Fasten your seatbelt as financial conditions enter red zone

Fasten your seatbelt as financial conditions enter red zone

Equities 7 minutes to read
Peter Garnry

Chief Investment Strategist

Summary:  US equities have rallied lately on relief over the lack of Russia military success and mean reversion with flows rotating into technology stocks. With financial conditions tightening fast and Brainard's comments yesterday financial conditions and equities are soon entering the danger zone which could mean much more volatility and declining equities. In today's equity note we look at history and what it suggests will happen in equities when financial conditions tighten a lot over a short time period.


Brainard is signaling equities are galloping into the storm

The rally in US equities the past couple of weeks was a naturally relief and mean reversion trade following the declines from the war in Ukraine and turmoil in commodity markets. But the rally has likely ended and the rotation into technology stocks will reverse again with banks, value stocks, and the commodity sector at the receiving end of these flows.

Fed Governor Lael Brainard was out with a forceful message yesterday saying that reducing elevated inflation “is of paramount importance” as inflation hits low-income families disproportionately as they lack the substitution effect, meaning that if you are already buying the cheapest consumer goods you can substitute lower and thus you are hit harder by rising inflation. In addition, Brainard laid out the scope for much faster balance sheet reductions.

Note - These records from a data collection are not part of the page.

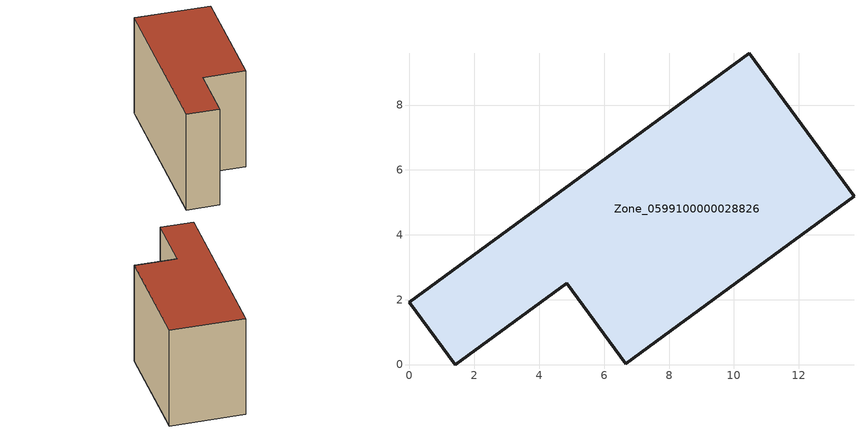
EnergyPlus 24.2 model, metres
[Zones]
Zone_0599100000028826
 floor ground (C_G): 4.84,2.51 1.41,0 0,1.92 10.47,9.59 13.7,5.18 6.67,0.02 z0
 wall outside (C_F): 10.47,9.59 0,1.92 1.41,0 4.84,2.51 6.67,0.02 13.7,5.18 10.47,9.59 z0:7.8
 roof outside (C_R): 6.67,0.02 13.7,5.18 10.47,9.59 0,1.92 1.41,0 4.84,2.51 z7.8
[BUILDING]
Pand.0599100000028826: North Axis=0; Terrain=City; Loads Convergence Tolerance Value=0.04; Temperature Convergence Tolerance Value=0.4; Solar Distribution=FullExterior; Maximum Number of Warmup Days=25; Minimum Number of Warmup Days=1
[Site:Location]
Rotterdam.The.Hague.AP_ZH_NLD Design_Conditions: Latitude=51.96; Longitude=4.45; Time Zone=1; Elevation=-4.5
[SITE:GROUNDTEMPERATURE:BUILDINGSURFACE]
18, 18, 18, 18, 18, 18, 18, 18, 18, 18, 18, 18
[MATERIAL] Thermal Absorptance=0.9; Solar Absorptance=0.7; Visible Absorptance=0.7
Name | Roughness | Thickness | Conductivity | Density | Specific Heat
G.TI.1975-1991 | MediumSmooth | 0.15 | 0.288461 | 540 | 1210
F.TI.1975-1991 | Rough | 0.3 | 0.230769 | 1920 | 840
R.TI.1975-1991 | MediumRough | 0.2 | 0.153846 | 1500 | 1000
[CONSTRUCTION]
C_G: G.TI.1975-1991
C_F: F.TI.1975-1991
C_R: R.TI.1975-1991
[ZONE]
Zone_0599100000028826: Type=1; Multiplier=1; Ceiling Height=Autocalculate; Volume=Autocalculate; Floor Area=autocalculate; Part of Total Floor Area=Yes
[ZONEINFILTRATION:DESIGNFLOWRATE]
Infil_Zone_0599100000028826: Zone or ZoneList or Space or SpaceList=Zone_0599100000028826; Schedule=AlwaysOn; Design Flow Rate Calculation Method=Flow/Area; Flow Rate per Floor Area=0.003; Constant Term Coefficient=1; Temperature Term Coefficient=0; Velocity Term Coefficient=0; Velocity Squared Term Coefficient=0
[HVACTEMPLATE:ZONE:IDEALLOADSAIRSYSTEM]
Zone_0599100000028826: Maximum Heating Supply Air Temperature=50; Minimum Cooling Supply Air Temperature=13; Maximum Heating Supply Air Humidity Ratio=0.0156; Minimum Cooling Supply Air Humidity Ratio=0.0077; Heating Limit=NoLimit; Cooling Limit=NoLimit; Dehumidification Control Type=ConstantSensibleHeatRatio; Cooling Sensible Heat Ratio=0.7; Dehumidification Setpoint=60; Humidification Control Type=None; Humidification Setpoint=30; Outdoor Air Method=None; Outdoor Air Flow Rate per Person=0.00944; Outdoor Air Flow Rate per Zone Floor Area=0; Outdoor Air Flow Rate per Zone=0; Demand Controlled Ventilation Type=None; Outdoor Air Economizer Type=NoEconomizer; Heat Recovery Type=None; Sensible Heat Recovery Effectiveness=0.7; Latent Heat Recovery Effectiveness=0.65
[ZONECONTROL:THERMOSTAT]
ThermostatControl_Zone_0599100000028826: Zone or ZoneList=Zone_0599100000028826; Control Type Schedule=DualSetpointControlType; Control 1=Thermostat_Zone_0599100000028826; Temperature Difference Between Cutout And Setpoint=0
[THERMOSTATSETPOINT:DUALSETPOINT]
Thermostat_Zone_0599100000028826: Heating Setpoint Temperature Schedule=HeatingSetpoint_Zone_0599100000028826; Cooling Setpoint Temperature Schedule=CoolingSetpoint_Zone_0599100000028826
[SCHEDULE:COMPACT]
HeatingSetpoint_Zone_0599100000028826: Through: 12/31, For: AllDays, Until: 24:00, 21
CoolingSetpoint_Zone_0599100000028826: Through: 12/31, For: AllDays, Until: 24:00, 24
DualSetpointControlType: Through: 12/31, For: AllDays, Until: 24:00, 4
AlwaysOn: Through: 12/31, For: AllDays, Until: 24:00, 1

The Fed is looking at a red hot US economy lately shown in the ISM Services figures for March hitting 58.3 and it wants to kill demand as the supply side of the economy cannot adjust fast enough to tame inflation. This means that financial conditions will tighten significantly over the coming months.

Based on data in the period 1971-2022, the 3-month difference in US financial conditions is negatively correlated with equity returns (tighter financial conditions means lower equity returns). The table below shows the mean equity return, mean equity return less inflation, and monthly equity volatility for different deciles of 3-month difference in the Chicago Fed Adjusted Financial Conditions Index. The current 3-month difference is 0.45 meaning that the economy is in the upper range of the 9th decile in terms of change in financial conditions.

The current tightening regime in terms of financial conditions is associated with slightly positive monthly nominal equity returns in the US, and slightly negative when adjusted for inflation. The monthly equity volatility is also substantially higher compared to more normal periods. But if financial conditions tighten more from here we will likely push into the 10th decile in terms of change which meaning financial conditions are tightening fast. Historically such as aggressive tightening of financial conditions is associated with significant negative equity returns, both nominal and real, and volatility is significantly higher than normal. Brainard signaled yesterday that financial conditions could tighten a lot more from here, so it is quite likely that we are entering the red zone with more trouble ahead for equities.

In terms of equity themes we are still overweight commodities, defence, cyber security, logistics (although the falling container rates are challenging our view), and renewable energy (tailwind from EU energy independence). We are still underweight e-commerce, bubble stocks, China, and NextGen medicine. Semiconductors are increasingly getting weaker despite pricing power in the industry and if sentiment is not coming back soon we will turn negative on this theme as well, and general it is not a good sign to see weak semiconductors as it is a highly cyclical industry.